My First Jump Into Big Data
This past week I had my first experience with a really huge dataset. Project 2 contained nearly 3 million rows of data from the Iowa Liquor sales data, a data-set maintained by the State of Iowa to keep track of its liquor distribution system (which is pretty crazy in of itself, more info on how it works can be found here: Iowa Liquor Info). Each row in the data set represented a sale from the state to a private retailer, with column info including store numbers, sale totals, bottle volumes and prices, as well as geographic location by city, ZIP code, and counties. The goal of the project was to clean this data-set from null values, formatting errors, look for outliers, and all the other fun EDA type things, as well as create what we thought would be a best predictive model of sales for the coming year based off all of the info that we had. The two main project learning take-aways were supposed to be using pandas to manipulate the data frame, and modeling.
While modeling is definitely the “sexier” of the data science terms, my write-up will be about some cool (for a data scientist at least) pandas code snippets that I used to play around with the data-set. Learning to “view” the data without actually being able to even look at it (keep in mind that the final shape of this data frame was 2.7 million rows by 22 columns) was a really cool experience for me and something I would like to write about.
NOTE: For the following examples I am using a ten percent data sample to make the numbers easier to work with.

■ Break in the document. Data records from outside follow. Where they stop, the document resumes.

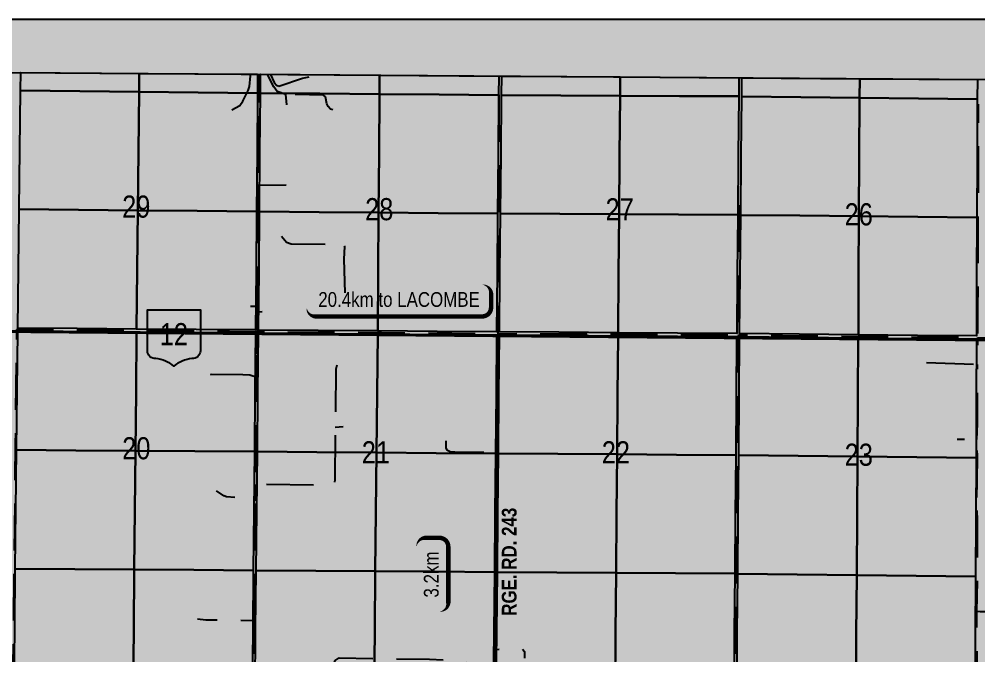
# Model space of a CAD drawing. Extents: x 337584 to 348172, y 5811293 to 5815472.
# Drawn here: x 343700 to 344349, y 5812621 to 5813052 of the extents above; entities that cross this region are included whole.
import ezdxf
from ezdxf.enums import TextEntityAlignment as Align

# ---------------------------------------------------------------- set-up
doc = ezdxf.new("R2010")
doc.units = 0
doc.header["$LTSCALE"] = 5
doc.linetypes.add('DASHED2', pattern=[9.524999999999999, 6.35, -3.175])
for name, color, linetype in [('AUX-LABELS', 1, 'Continuous'), ('D-TXT', 6, 'Continuous'), ('Quarters', 8, 'Continuous'), ('RoadSeg', 57, 'DASHED2'), ('ROUTE-MAP-HWY', 2, 'Continuous'), ('ROUTE-MAP-LABELS', 210, 'Continuous'), ('ROUTE-MAP-ROUTE', 90, 'Continuous'), ('S-7', 6, 'Continuous'), ('Townships', 57, 'Continuous')]:
    doc.layers.add(name, color=color, linetype=linetype)
doc.layers.add('ROUTE-MAP-BACKGROUND-H', color=7, linetype='Continuous', true_color=0xf0ebff)
doc.styles.add('120', font='ARIALN.TTF', dxfattribs={"height": 13})
doc.styles.add('80', font='ARIALN.TTF', dxfattribs={"height": 10})
doc.styles.add('80V', font='ARIALN.TTF', dxfattribs={"oblique": 20.00000000000001, "height": 2})
doc.styles.add('BOLD', font='ARIALNB.TTF')

# ---------------------------------------------------------------- blocks, each defined once
blk = doc.blocks.new('*U474')
h = blk.add_hatch(color=255)
edge = h.paths.add_edge_path()
edge.add_line((-18.99999999999997, -11.5), (18.99999999999997, -11.5))
edge.add_arc((18.99999999999998, -5.499999999999993), 6.000000000000007, 269.9999999999999, 359.9999999999999)
edge.add_line((24.99999999999999, -5.5), (24.99999999999999, 4))
edge.add_arc((18.99999999999998, 3.999999999999993), 6.000000000000007, 6.361109362927026e-14, 90.00000000000007)
edge.add_line((18.99999999999997, 10), (-18.99999999999997, 10))
edge.add_arc((-18.99999999999998, 3.999999999999993), 6.000000000000007, 89.99999999999993, 179.9999999999999)
edge.add_line((-24.99999999999999, 4), (-24.99999999999999, -5.5))
edge.add_arc((-18.99999999999998, -5.499999999999993), 6.000000000000007, 180, 270.0000000000001)
at = {"color": 210, "flags": 128}
blk.add_lwpolyline([(-18.99999999999997, -11.5, 3, 3, 0), (18.99999999999997, -11.5, 3, 3, 0.4142135623730951), (24.99999999999999, -5.5, 3, 3, 0), (24.99999999999999, 4, 3, 0, 0.4142135623730951), (18.99999999999997, 10, 0, 0, 0), (-18.99999999999997, 10, 0, 0, 0.4142135623730951), (-24.99999999999999, 4, 0, 0, 0), (-24.99999999999999, -5.5, 0, 3, 0.4142135623730951)], format="xyseb", close=True, dxfattribs=at)
for points in [[(-160.6351602737979, -40.07652464576904, 0, 7.5, 0), (-3.4e-15, 0, 0, 0, 0)], [(160.1623318738052, -43.44837028344995, 0, 7.5, 0), (-3.4e-15, -3.944304526105059e-31, 0, 0, 0)]]:
    blk.add_lwpolyline(points, format="xyseb", dxfattribs=at)
at = {"color": 210, "style": '80'}
blk.add_attdef('ENTER_TEXT_001', (-35.98567530695772, -4.996589358799454), '', height=10, dxfattribs=at)
blk = doc.blocks.new('*U472')
h = blk.add_hatch(color=255)
edge = h.paths.add_edge_path()
edge.add_line((-56.49999999999998, -11.5), (56.49999999999998, -11.5))
edge.add_arc((56.49999999999999, -5.499999999999993), 6.000000000000007, 269.9999999999999, 359.9999999999999)
edge.add_line((62.49999999999999, -5.5), (62.49999999999999, 4))
edge.add_arc((56.49999999999999, 3.999999999999993), 6.000000000000007, 6.361109362927026e-14, 90.00000000000007)
edge.add_line((56.49999999999998, 10), (-56.49999999999998, 10))
edge.add_arc((-56.49999999999999, 3.999999999999993), 6.000000000000007, 89.99999999999993, 179.9999999999999)
edge.add_line((-62.49999999999999, 4), (-62.49999999999999, -5.5))
edge.add_arc((-56.49999999999999, -5.499999999999993), 6.000000000000007, 180, 270.0000000000001)
at = {"color": 210, "flags": 128}
blk.add_lwpolyline([(-56.49999999999998, -11.5, 3, 3, 0), (56.49999999999998, -11.5, 3, 3, 0.4142135623730951), (62.49999999999999, -5.5, 3, 3, 0), (62.49999999999999, 4, 3, 0, 0.4142135623730951), (56.49999999999998, 10, 0, 0, 0), (-56.49999999999998, 10, 0, 0, 0.4142135623730951), (-62.49999999999999, 4, 0, 0, 0), (-62.49999999999999, -5.5, 0, 3, 0.4142135623730951)], format="xyseb", close=True, dxfattribs=at)
for points in [[(-187.1904557415527, -2.398278095995823, 0, 7.5, 0), (-3.4e-15, 0, 0, 0, 0)], [(66.51519229449049, -22.527293983002, 0, 7.5, 0), (-3.4e-15, -3.944304526105059e-31, 0, 0, 0)]]:
    blk.add_lwpolyline(points, format="xyseb", dxfattribs=at)
at = {"color": 210, "style": '80'}
blk.add_attdef('ENTER_TEXT_001', (-35.98567530695772, -4.996589358799454), '', height=10, dxfattribs=at)
blk = doc.blocks.new('hwy_primary')
h = blk.add_hatch(color=255)
edge = h.paths.add_edge_path()
edge.add_line((-12.55651075217338, -6.465665019121843), (-12.55651075217338, 12.06093235083426))
edge.add_line((-12.55651075217338, 12.06093235083426), (11.38723733709685, 12.06093235083426))
edge.add_line((11.3872373370973, 12.06093235083426), (11.3872373370973, -6.465665021572022))
edge.add_arc((7.745863239457321, -6.323210403470512), 3.644159524111412, 267.0356154126261, 357.75966761743825, ccw=False)
edge.add_arc((9.389805930542025, -25.65009731670352), 15.79425859854451, 96.66228240425568, 129.1626000068807)
edge.add_arc((-10.5590793456181, -25.65009731670352), 15.79425859854473, 50.83739999311933, 83.33771759574431)
edge.add_arc((-8.915136654535672, -6.323210403470512), 3.644159524110878, 182.2403323825618, 272.9643845873739, ccw=False)
at = {"color": 3}
blk.add_lwpolyline([(-12.55651075217338, -6.465665019121843), (-12.55651075217338, 12.06093235083426), (11.3872373370973, 12.06093235083426), (11.3872373370973, -6.465665021572022, -0.4179197440755494), (7.557404830548421, -9.96249358361456, 0.1427676877764801), (-0.5846367075391754, -13.40391020653124, 0.14276768777648), (-8.726678245624498, -9.96249358361456, -0.4179197440755494), (-12.55651075217338, -6.465665021572022)], format="xyb", dxfattribs=at)
at = {"color": 3, "style": '80V', "flags": 8}
blk.add_attdef('HWY', text='', height=10, dxfattribs=at).set_placement((-0.5846367075391754, 1.049219383609852), align=Align.MIDDLE_CENTER)

msp = doc.modelspace()

# ---------------------------------------------------------------- hatches: boundary and pattern name
at = {"layer": 'ROUTE-MAP-BACKGROUND-H'}
h = msp.add_hatch(color=256, dxfattribs=at)
h.dxf.hatch_style = 1
h.paths.add_polyline_path([(343008.4738996201, 5813051.915711164), (345715.9452404576, 5813051.915711164), (345715.9452404576, 5811576.62496681), (343008.4738996201, 5811576.62496681)])

# ---------------------------------------------------------------- linework, layer by layer
at = {"layer": 'Quarters'}
for points in [[(343781.138656273, 5813015.149646756), (343781.1057314859, 5813002.680389841), (343740.9688348957, 5813003.108586324), (343700.8319338732, 5813003.536882403), (343700.943632381, 5813015.736244205)], [(343861.4725544837, 5813014.562033502), (343861.3750656466, 5813001.859151722), (343821.2403523098, 5813002.269772529), (343781.1057314859, 5813002.680389841), (343781.138656273, 5813015.149646756)], [(343944.0510499913, 5813013.958001825), (343944.0217549886, 5813001.121868816), (343903.7026061438, 5813001.481553435), (343863.3834518802, 5813001.84133725), (343863.4814462428, 5813014.547339184)], [(344024.8507636122, 5813013.366981292), (344024.7497563637, 5813000.404977706), (343984.3857600238, 5813000.763423657), (343944.0217549886, 5813001.121868816), (343944.0510499913, 5813013.958001825)], [(344107.1219110062, 5813012.76519777), (344107.1104844825, 5813000.004357983), (344066.9340642425, 5813000.199321177), (344026.7576393379, 5813000.394382634), (344026.8584285945, 5813013.352295954)], [(344187.5112726183, 5813012.17717881), (344187.4923989655, 5812999.630253403), (344147.3014440953, 5812999.817256607), (344107.1104844825, 5813000.004357983), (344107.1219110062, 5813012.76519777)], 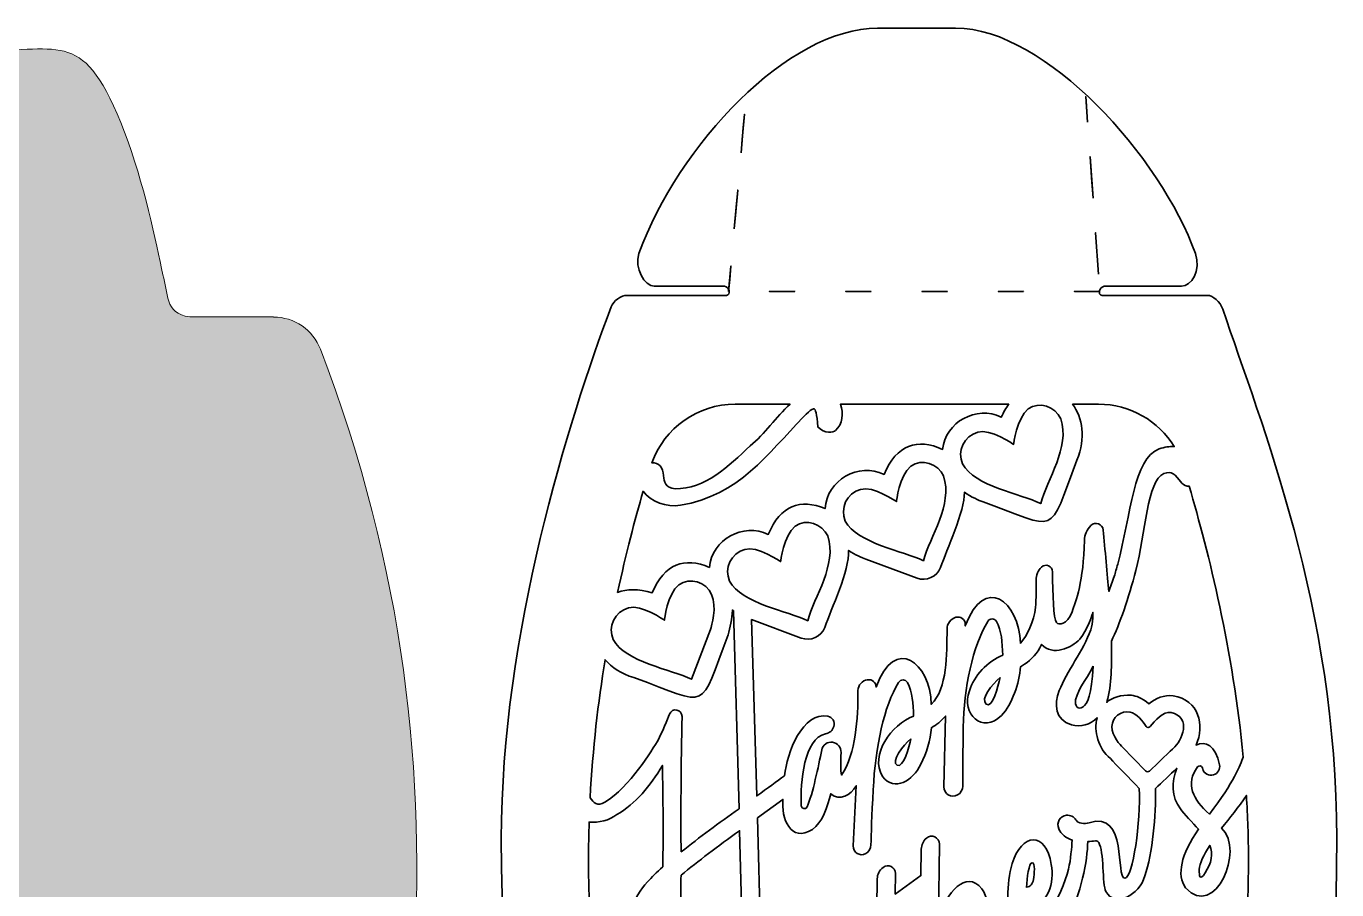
# Model space of a CAD drawing. Header units: inches. Extents: x -3.5 to 26.9, y -12.5 to 13.2.
# Drawn here: x 13.714 to 18.012, y -3.363 to -0.531 of the extents above; entities that cross this region are included whole.
import ezdxf

# ---------------------------------------------------------------- set-up
doc = ezdxf.new("R2010")
doc.units = ezdxf.units.IN
doc.header["$MEASUREMENT"] = 0
doc.layers.add('Bouquet Lantern - Floral Panels', color=7, linetype='Continuous', lineweight=0)

msp = doc.modelspace()

# ---------------------------------------------------------------- hatches: boundary and pattern name
at = {"layer": 'Bouquet Lantern - Floral Panels', "true_color": 0xe6e7e8, "transparency": 33554687}
h = msp.add_hatch(color=254, dxfattribs=at)
h.dxf.hatch_style = 2
edge = h.paths.add_edge_path()
edge.add_spline(control_points=[(14.5247, -1.4847), (14.5247, -1.4847), (14.2508, -1.4847), (14.2508, -1.4847), (14.1658, -1.4735), (14.1808, -1.4037), (14.1625, -1.3465), (14.1407, -1.2409), (14.0999, -1.0444), (14.0365, -0.8787), (13.9022, -0.5315), (13.8317, -0.619), (13.5707, -0.6087), (13.3803, -0.627), (13.2532, -1.2026), (13.2204, -1.3469), (13.2005, -1.4031), (13.2153, -1.4748), (13.1304, -1.4848), (13.1304, -1.4848), (12.8728, -1.4848), (12.8728, -1.4848), (12.8039, -1.4848), (12.7418, -1.5274), (12.7179, -1.592), (12.2333, -2.9037), (12.4362, -4.4119), (12.8151, -5.5258), (12.8378, -5.5924), (12.9007, -5.6372), (12.9712, -5.6372), (12.9712, -5.6372), (13.1676, -5.6372), (13.1676, -5.6372), (13.2415, -5.6372), (13.2521, -5.7203), (13.2561, -5.7517), (13.2675, -5.8397), (13.2668, -5.9863), (13.284, -6.1013), (13.2943, -6.1701), (13.3543, -6.2205), (13.4239, -6.2205), (13.4239, -6.2205), (13.9503, -6.2205), (13.9503, -6.2205), (14.0185, -6.2205), (14.0776, -6.172), (14.0896, -6.1049), (14.1101, -5.9887), (14.1099, -5.8359), (14.1218, -5.7483), (14.1255, -5.7208), (14.1368, -5.6373), (14.2097, -5.6373), (14.2097, -5.6373), (14.4097, -5.6373), (14.4097, -5.6373), (14.4808, -5.6373), (14.5439, -5.5919), (14.5667, -5.5245), (14.9758, -4.316), (15.229, -3.028), (14.6793, -1.5908), (14.6549, -1.527), (14.5933, -1.4849), (14.525, -1.4849), (14.525, -1.4849), (14.5247, -1.4847), (14.5247, -1.4847), (14.5247, -1.4847), (14.5247, -1.4847), (14.5247, -1.4847), (14.5247, -1.4847), (14.5247, -1.4847), (14.5247, -1.4847)], knot_values=[0, 0, 0, 0, 1, 1, 1, 2, 2, 2, 3, 3, 3, 4, 4, 4, 5, 5, 5, 6, 6, 6, 7, 7, 7, 8, 8, 8, 9, 9, 9, 10, 10, 10, 11, 11, 11, 12, 12, 12, 13, 13, 13, 14, 14, 14, 15, 15, 15, 16, 16, 16, 17, 17, 17, 18, 18, 18, 19, 19, 19, 20, 20, 20, 21, 21, 21, 22, 22, 22, 23, 23, 23, 24, 24, 24, 25, 25, 25, 25], degree=3, periodic=0)

# ---------------------------------------------------------------- linework, layer by layer
at = {"layer": 'Bouquet Lantern - Floral Panels'}
msp.add_open_spline([(14.5247, -1.4847), (14.5247, -1.4847), (14.2508, -1.4847), (14.2508, -1.4847), (14.1658, -1.4735), (14.1808, -1.4037), (14.1625, -1.3465), (14.1407, -1.2409), (14.0999, -1.0444), (14.0365, -0.8787), (13.9022, -0.5315), (13.8317, -0.619), (13.5707, -0.6087), (13.3803, -0.627), (13.2532, -1.2026), (13.2204, -1.3469), (13.2005, -1.4031), (13.2153, -1.4748), (13.1304, -1.4848), (13.1304, -1.4848), (12.8728, -1.4848), (12.8728, -1.4848), (12.8039, -1.4848), (12.7418, -1.5274), (12.7179, -1.592), (12.2333, -2.9037), (12.4362, -4.4119), (12.8151, -5.5258), (12.8378, -5.5924), (12.9007, -5.6372), (12.9712, -5.6372), (12.9712, -5.6372), (13.1676, -5.6372), (13.1676, -5.6372), (13.2415, -5.6372), (13.2521, -5.7203), (13.2561, -5.7517), (13.2675, -5.8397), (13.2668, -5.9863), (13.284, -6.1013), (13.2943, -6.1701), (13.3543, -6.2205), (13.4239, -6.2205), (13.4239, -6.2205), (13.9503, -6.2205), (13.9503, -6.2205), (14.0185, -6.2205), (14.0776, -6.172), (14.0896, -6.1049), (14.1101, -5.9887), (14.1099, -5.8359), (14.1218, -5.7483), (14.1255, -5.7208), (14.1368, -5.6373), (14.2097, -5.6373), (14.2097, -5.6373), (14.4097, -5.6373), (14.4097, -5.6373), (14.4808, -5.6373), (14.5439, -5.5919), (14.5667, -5.5245), (14.9758, -4.316), (15.229, -3.028), (14.6793, -1.5908), (14.6549, -1.527), (14.5933, -1.4849), (14.525, -1.4849), (14.525, -1.4849), (14.5247, -1.4847), (14.5247, -1.4847), (14.5247, -1.4847), (14.5247, -1.4847), (14.5247, -1.4847), (14.5247, -1.4847), (14.5247, -1.4847), (14.5247, -1.4847)], degree=3, knots=[0, 0, 0, 0, 1, 1, 1, 2, 2, 2, 3, 3, 3, 4, 4, 4, 5, 5, 5, 6, 6, 6, 7, 7, 7, 8, 8, 8, 9, 9, 9, 10, 10, 10, 11, 11, 11, 12, 12, 12, 13, 13, 13, 14, 14, 14, 15, 15, 15, 16, 16, 16, 17, 17, 17, 18, 18, 18, 19, 19, 19, 20, 20, 20, 21, 21, 21, 22, 22, 22, 23, 23, 23, 24, 24, 24, 25, 25, 25, 25], dxfattribs=at)
at = {"layer": 'Bouquet Lantern - Floral Panels', "color": 250, "lineweight": 35, "true_color": 0x231f20}
for points, knots in [([(17.6378, -1.4588), (17.6298, -1.4349), (17.6055, -1.4139), (17.5872, -1.4139), (17.5872, -1.4139), (17.2422, -1.4139), (17.2422, -1.4139), (17.2259, -1.4139), (17.2344, -1.3842), (17.2497, -1.3842), (17.2497, -1.3842), (17.5023, -1.3842), (17.5023, -1.3842), (17.5351, -1.3842), (17.5685, -1.3328), (17.5484, -1.2767), (17.4356, -0.9616), (17.058, -0.5378), (16.762, -0.5378), (16.762, -0.5378), (16.5063, -0.5378), (16.5063, -0.5378), (16.2134, -0.5378), (15.8523, -0.9205), (15.7237, -1.2767), (15.7067, -1.3237), (15.743, -1.3842), (15.774, -1.3842), (15.774, -1.3842), (16.0038, -1.3842), (16.0038, -1.3842), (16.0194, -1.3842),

During my initial EDA the total missing values for our data-set was 2854. As you can see the missing values are all from county name and county number, and category name and category number. Since those counties/numbers and categories/numbers are all referenced elsewhere in the data-set, I looked for a way that I could fill in those missing values by plugging them in from somewhere else. I began by creating a dictionary of each unique county name/county number and category name/ category number in both directions.
I then created a “rule”, which I named under the variable ‘mask’, for each type of missing value and ran it against my data-set, giving me a list of Trues and Falses for all of those columns.
NOTE: I will use column one as an example.
I then ran a map function referencing each dictionary against a data-frame of mask1, which is all of my Trues(that it was missing the category name) and used the dictionary of category numbers to fill in the values for those column names.
All in all I filled in over 550 values, the remaining null values being, either missing both county number and county name, or that category name wasn’t referenced by a category number anywhere else in the data-frame. This is just some of the really cool things that you can do with pandas that I discovered in this project.